A recent post by Mike from Broken Cupid reminded me about the very awesome OK Cupid Dating Persona Test.
I first took the OK Cupid test back in sophomore year of college, so in terms of the internet, this test has been around forever. If you haven’t taken it before, I highly recommend it. The test only takes about 5 minutes and is completely free. You don’t even need to give away your email address. And it’s pretty funny.
I should mention that the test was not designed specifically for gay people, but it has a special place in my heart for being one of the first online dating tests to ask (rather than assume) sexual orientation. It also gets props for automatically changing the pronouns in your results, but unfortunately the accompanying clip art depicts only heterosexual couples.
A few minutes ago I took the test for the first time in years. My results:
The Slow DancerDeliberate Gentle Love Dreamer (DGLD)
Steady, reliable, and cradling him tenderly. Take a deep breath, and let it out real easy…you are The Slow Dancer Your focus is love, not sex, and for your age, you have average experience. But you’re a great, thoughtful guy, and your love life improves every year.

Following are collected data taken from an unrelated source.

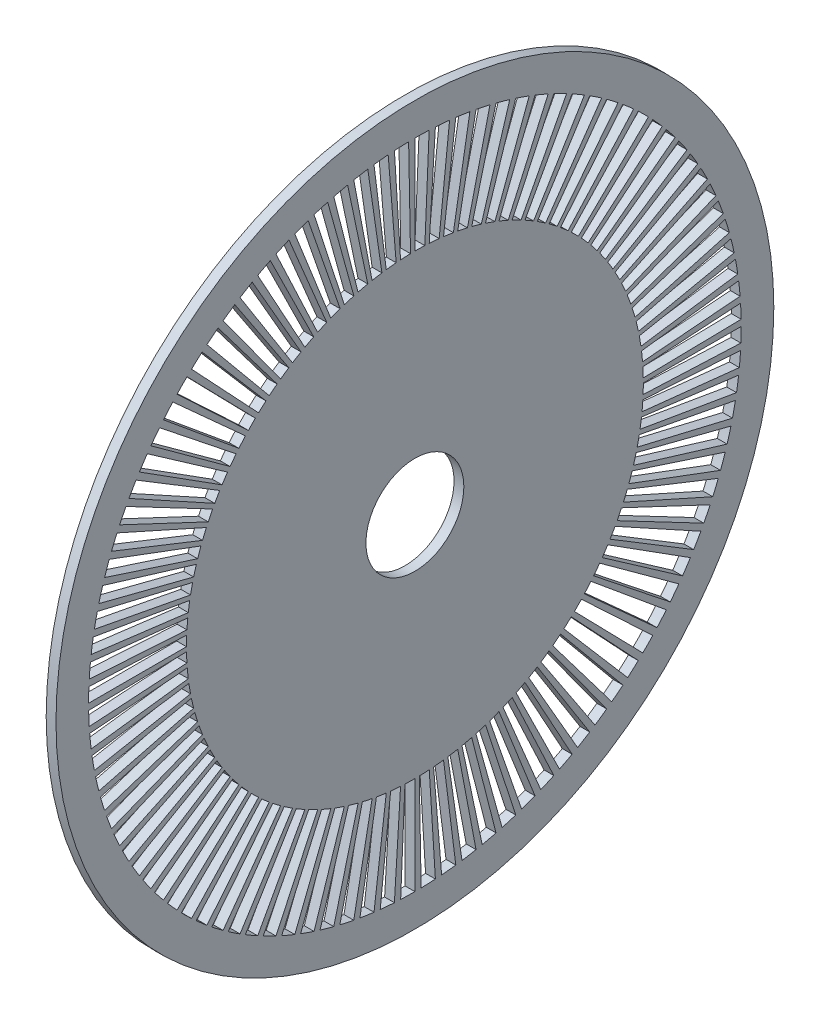
from build123d import *

# Parameters (mm, degrees)
ESQUISSE1_R        = 11
ESQUISSE1_R_2      = 1.5
BOSS_EXTRU_1_DEPTH = 0.3


with BuildPart() as part:
    # Esquisse1 → Boss.-Extru.1 (new body)
    with BuildSketch(Plane(origin=(0, 0, 0), x_dir=(0, 0, -1), z_dir=(1, 0, 0))):
        Circle(ESQUISSE1_R)
        Circle(ESQUISSE1_R_2, mode=Mode.SUBTRACT)
        with BuildLine():
            Line((0, 7), (0, 10))
            ThreePointArc((0, 10), (0.21814885, 9.997620271), (0.436193874, 9.990482216))
            Line((0.436193874, 9.990482216), (0.305335712, 6.993337551))
            ThreePointArc((0.305335712, 6.993337551), (0.152704195, 6.99833419), (0, 7))
        make_face(mode=Mode.SUBTRACT)
        with BuildLine():
            Line((0.743848499, 6.960365609), (1.062640713, 9.943379441))
            ThreePointArc((1.062640713, 9.943379441), (0.845474154, 9.964194571), (0.627905195, 9.980267284))
            Line((0.627905195, 9.980267284), (0.439533637, 6.986187099))
            ThreePointArc((0.439533637, 6.986187099), (0.591831908, 6.9749362), (0.743848499, 6.960365609))
        make_face(mode=Mode.SUBTRACT)
        with BuildLine():
            Line((1.179425657, 6.899924284), (1.684893796, 9.857034691))
            ThreePointArc((1.684893796, 9.857034691), (1.469462758, 9.891444748), (1.253332336, 9.921147013))
            Line((1.253332336, 9.921147013), (0.877332635, 6.944802909))
            ThreePointArc((0.877332635, 6.944802909), (1.028623931, 6.924011324), (1.179425657, 6.899924284))
        make_face(mode=Mode.SUBTRACT)
        with BuildLine():
            Line((1.61034816, 6.812252109), (2.300497372, 9.731788728))
            ThreePointArc((2.300497372, 9.731788728), (2.087652064, 9.779657911), (1.873813146, 9.822872507))
            Line((1.873813146, 9.822872507), (1.311669202, 6.876010755))
            ThreePointArc((1.311669202, 6.876010755), (1.461356444, 6.845760538), (1.61034816, 6.812252109))
        make_face(mode=Mode.SUBTRACT)
        with BuildLine():
            Line((2.034915355, 6.697695088), (2.907021936, 9.568135841))
            ThreePointArc((2.907021936, 9.568135841), (2.69760236, 9.629275233), (2.486898872, 9.685831611))
            Line((2.486898872, 9.685831611), (1.74082921, 6.780082128))
            ThreePointArc((1.74082921, 6.780082128), (1.888321652, 6.740492663), (2.034915355, 6.697695088))
        make_face(mode=Mode.SUBTRACT)
        with BuildLine():
            Line((2.451451669, 6.556705325), (3.502073813, 9.366721892))
            ThreePointArc((3.502073813, 9.366721892), (3.296906453, 9.440890204), (3.090169944, 9.510565163))
            Line((3.090169944, 9.510565163), (2.163118961, 6.657395614))
            ThreePointArc((2.163118961, 6.657395614), (2.307834517, 6.608623143), (2.451451669, 6.556705325))
        make_face(mode=Mode.SUBTRACT)
        with BuildLine():
            Line((2.858313223, 6.389839241), (4.083304604, 9.128341772))
            ThreePointArc((4.083304604, 9.128341772), (3.883199162, 9.215246295), (3.681245527, 9.297764859))
            Line((3.681245527, 9.297764859), (2.576871869, 6.508435401))
            ThreePointArc((2.576871869, 6.508435401), (2.718239413, 6.450672406), (2.858313223, 6.389839241))
        make_face(mode=Mode.SUBTRACT)
        with BuildLine():
            Line((3.25389432, 6.19775538), (4.648420457, 8.853936258))
            ThreePointArc((4.648420457, 8.853936258), (4.454166657, 8.953234018), (4.257792916, 9.048270525))
            Line((4.257792916, 9.048270525), (2.980455041, 6.333789367))
            ThreePointArc((2.980455041, 6.333789367), (3.11791666, 6.267263813), (3.25389432, 6.19775538))
        make_face(mode=Mode.SUBTRACT)
        with BuildLine():
            Line((3.636633783, 5.981211811), (5.195191119, 8.544588301))
            ThreePointArc((5.195191119, 8.544588301), (5.007555593, 8.655887418), (4.817536741, 8.7630668))
            Line((4.817536741, 8.7630668), (3.372275719, 6.13414676))
            ThreePointArc((3.372275719, 6.13414676), (3.505288915, 6.059121192), (3.636633783, 5.981211811))
        make_face(mode=Mode.SUBTRACT)
        with BuildLine():
            Line((4.005021114, 5.741063131), (5.721458734, 8.201518759))
            ThreePointArc((5.721458734, 8.201518759), (5.541181993, 8.324379984), (5.35826795, 8.443279255))
            Line((5.35826795, 8.443279255), (3.750787565, 5.910295479))
            ThreePointArc((3.750787565, 5.910295479), (3.878827395, 5.827065989), (4.005021114, 5.741063131))
        make_face(mode=Mode.SUBTRACT)
        with BuildLine():
            Line((4.357602456, 5.478257098), (6.225146366, 7.826081569))
            ThreePointArc((6.225146366, 7.826081569), (6.05293988, 7.960020025), (5.877852523, 8.090169944))
            Line((5.877852523, 8.090169944), (4.114496766, 5.663118961))
            ThreePointArc((4.114496766, 5.663118961), (4.237057916, 5.572014018), (4.357602456, 5.478257098))
        make_face(mode=Mode.SUBTRACT)
        with BuildLine():
            Line((4.692986333, 5.193830887), (6.70426619, 7.41975841))
            ThreePointArc((6.70426619, 7.41975841), (6.540809579, 7.564245504), (6.374239897, 7.705132428))
            Line((6.374239897, 7.705132428), (4.461967928, 5.393592699))
            ThreePointArc((4.461967928, 5.393592699), (4.578566705, 5.294971853), (4.692986333, 5.193830887))
        make_face(mode=Mode.SUBTRACT)
        with BuildLine():
            Line((5.009849136, 4.888906998), (7.156927337, 6.984152854))
            ThreePointArc((7.156927337, 6.984152854), (7.002865691, 7.138618362), (6.845471059, 7.289686274))
            Line((6.845471059, 7.289686274), (4.791829742, 5.102780392))
            ThreePointArc((4.791829742, 5.102780392), (4.902005983, 4.997032853), (5.009849136, 4.888906998))
        make_face(mode=Mode.SUBTRACT)
        with BuildLine():
            Line((5.306940353, 4.564688827), (7.581343362, 6.520984038))
            ThreePointArc((7.581343362, 6.520984038), (7.43728469, 6.684818355), (7.289686274, 6.845471059))
            Line((7.289686274, 6.845471059), (5.102780392, 4.791829742))
            ThreePointArc((5.102780392, 4.791829742), (5.206099283, 4.679372848), (5.306940353, 4.564688827))
        make_face(mode=Mode.SUBTRACT)
        with BuildLine():
            Line((5.583087502, 4.222455914), (7.975839288, 6.032079877))
            ThreePointArc((7.975839288, 6.032079877), (7.842352125, 6.204636423), (7.705132428, 6.374239897))
            Line((7.705132428, 6.374239897), (5.393592699, 4.461967928))
            ThreePointArc((5.393592699, 4.461967928), (5.489646488, 4.343245496), (5.583087502, 4.222455914))
        make_face(mode=Mode.SUBTRACT)
        with BuildLine():
            Line((5.837200754, 3.863558897), (8.338858221, 5.519369853))
            ThreePointArc((8.338858221, 5.519369853), (8.216469379, 5.699967626), (8.090169944, 5.877852523))
            Line((8.090169944, 5.877852523), (5.663118961, 4.114496766))
            ThreePointArc((5.663118961, 4.114496766), (5.751528566, 3.989977338), (5.837200754, 3.863558897))
        make_face(mode=Mode.SUBTRACT)
        with BuildLine():
            Line((6.068277243, 3.489414178), (8.668967489, 4.984877398))
            ThreePointArc((8.668967489, 4.984877398), (8.558159983, 5.172803661), (8.443279255, 5.35826795))
            Line((8.443279255, 5.35826795), (5.910295479, 3.750787565))
            ThreePointArc((5.910295479, 3.750787565), (5.990711988, 3.620962563), (6.068277243, 3.489414178))
        make_face(mode=Mode.SUBTRACT)
        with BuildLine():
            Line((6.275405013, 3.101498336), (8.964864304, 4.430711908))
            ThreePointArc((8.964864304, 4.430711908), (8.866075438, 4.625225003), (8.7630668, 4.817536741))
            Line((8.7630668, 4.817536741), (6.13414676, 3.372275719))
            ThreePointArc((6.13414676, 3.372275719), (6.206252807, 3.237657502), (6.275405013, 3.101498336))
        make_face(mode=Mode.SUBTRACT)
        with BuildLine():
            Line((6.457766626, 2.701342296), (9.225380895, 3.859060423))
            ThreePointArc((9.225380895, 3.859060423), (9.139000544, 4.059392695), (9.048270525, 4.257792916))
            Line((9.048270525, 4.257792916), (6.333789367, 2.980455041))
            ThreePointArc((6.333789367, 2.980455041), (6.397300381, 2.841574886), (6.457766626, 2.701342296))
        make_face(mode=Mode.SUBTRACT)
        with BuildLine():
            Line((6.614642385, 2.290525293), (9.449489122, 3.27217899))
            ThreePointArc((9.449489122, 3.27217899), (9.375858191, 3.477539819), (9.297764859, 3.681245527))
            Line((9.297764859, 3.681245527), (6.508435401, 2.576871869))
            ThreePointArc((6.508435401, 2.576871869), (6.563100733, 2.434277873), (6.614642385, 2.290525293))
        make_face(mode=Mode.SUBTRACT)
        with BuildLine():
            Line((6.745413172, 1.870668633), (9.636304532, 2.672383761))
            ThreePointArc((9.636304532, 2.672383761), (9.575713608, 2.881962681), (9.510565163, 3.090169944))
            Line((9.510565163, 3.090169944), (6.657395614, 2.163118961))
            ThreePointArc((6.657395614, 2.163118961), (6.702999526, 2.017373877), (6.745413172, 1.870668633))
        make_face(mode=Mode.SUBTRACT)
        with BuildLine():
            Line((6.849562896, 1.443429298), (9.785089851, 2.062041854))
            ThreePointArc((9.785089851, 2.062041854), (9.737778059, 2.275011754), (9.685831611, 2.486898872))
            Line((9.685831611, 2.486898872), (6.780082128, 1.74082921))
            ThreePointArc((6.780082128, 1.74082921), (6.816444641, 1.592508228), (6.849562896, 1.443429298))
        make_face(mode=Mode.SUBTRACT)
        with BuildLine():
            Line((6.926680523, 1.010493407), (9.895257891, 1.44356201))
            ThreePointArc((9.895257891, 1.44356201), (9.861411948, 1.659082395), (9.822872507, 1.873813146))
            Line((9.822872507, 1.873813146), (6.876010755, 1.311669202))
            ThreePointArc((6.876010755, 1.311669202), (6.902988364, 1.161357676), (6.926680523, 1.010493407))
        make_face(mode=Mode.SUBTRACT)
        with BuildLine():
            Line((6.976461708, 0.57356956), (9.966373868, 0.819385086))
            ThreePointArc((9.966373868, 0.819385086), (9.94612735, 1.036605395), (9.921147013, 1.253332336))
            Line((9.921147013, 1.253332336), (6.944802909, 0.877332635))
            ThreePointArc((6.944802909, 0.877332635), (6.962289145, 0.725623776), (6.976461708, 0.57356956))
        make_face(mode=Mode.SUBTRACT)
        with BuildLine():
            Line((6.998709985, 0.134382097), (9.998157121, 0.191974424))
            ThreePointArc((9.998157121, 0.191974424), (9.991589931, 0.410037387), (9.980267284, 0.627905195))
            Line((9.980267284, 0.627905195), (6.986187099, 0.439533637))
            ThreePointArc((6.986187099, 0.439533637), (6.994112951, 0.287026171), (6.998709985, 0.134382097))
        make_face(mode=Mode.SUBTRACT)
        with BuildLine():
            Line((6.993337551, -0.305335712), (9.990482216, -0.436193874))
            ThreePointArc((9.990482216, -0.436193874), (9.997620271, -0.21814885), (10, 0))
            Line((10, 0), (7, 0))
            ThreePointArc((7, 0), (6.99833419, -0.152704195), (6.993337551, -0.305335712))
        make_face(mode=Mode.SUBTRACT)
        with BuildLine():
            Line((6.960365609, -0.743848499), (9.943379441, -1.062640713))
            ThreePointArc((9.943379441, -1.062640713), (9.964194571, -0.845474154), (9.980267284, -0.627905195))
            Line((9.980267284, -0.627905195), (6.986187099, -0.439533637))
            ThreePointArc((6.986187099, -0.439533637), (6.9749362, -0.591831908), (6.960365609, -0.743848499))
        make_face(mode=Mode.SUBTRACT)
        with BuildLine():
            Line((6.899924284, -1.179425657), (9.857034691, -1.684893796))
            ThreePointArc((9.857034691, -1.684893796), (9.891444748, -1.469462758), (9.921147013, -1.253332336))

There’s also a powerful elimination process working in your favor: most Playboy types get stuck raising unwanted kids before you even begin settling down. The men left over will be hot and yours. Your ideal man is someone intimate, intelligent, and very supportive. While you’re not exactly the life of the party, you do thrive in small groups of smart people. Your circle of friends is extra tight and it’s HIGHLY likely they’re just like you. You appreciate symmetry in relationships. Your exact male opposite: The Hornivore Random Brutal Sex Master Always avoid: The False Messiah (DBLM) Consider: The Gentleman (DGLM), The Slow Dancer (DGLD) |
All these years, and I’m still the Slow Dancer. I know it doesn’t sound all that bad, but they might as well have named this personality type “Nice Guys Finish Last.” Also did you catch the reference to being stuck raising unwanted kids? Yeah, somehow I don’t think that’s going to be a big concern in my social circle.
I really wanted to score as Brutus the Uterus. Oh well, maybe next year.
Take the test for yourself, and let me know how you did in the comments section. I’m really hoping to meet a Genghis Khunt.


I’m not sure this test is that accurate. It called me a pool boy, however, this was a job of mine in a former life.
I took that forever ago. Perhaps I should revisit it.
BTW your uterus scares me.
And in case you were curious I’m your arch nemesis, the Hornivore.
http://www.okcupid.com/personality?type=DBLM&g=0&o=1
I am The Battleaxe: Deliberate Brutal Love Master
http://www.okcupid.com/personality?type=RBLD&g=0&o=2
random brutal love dreamer.
“Hoping to gather you up, she flirts and winks and asks you out, ultimately professing her love. Then you make her bleed.”
ok cupid has seen into my soul.
What’s with Question 43: “If you have any STD’s, please go here.” (”here” is a link to match.com)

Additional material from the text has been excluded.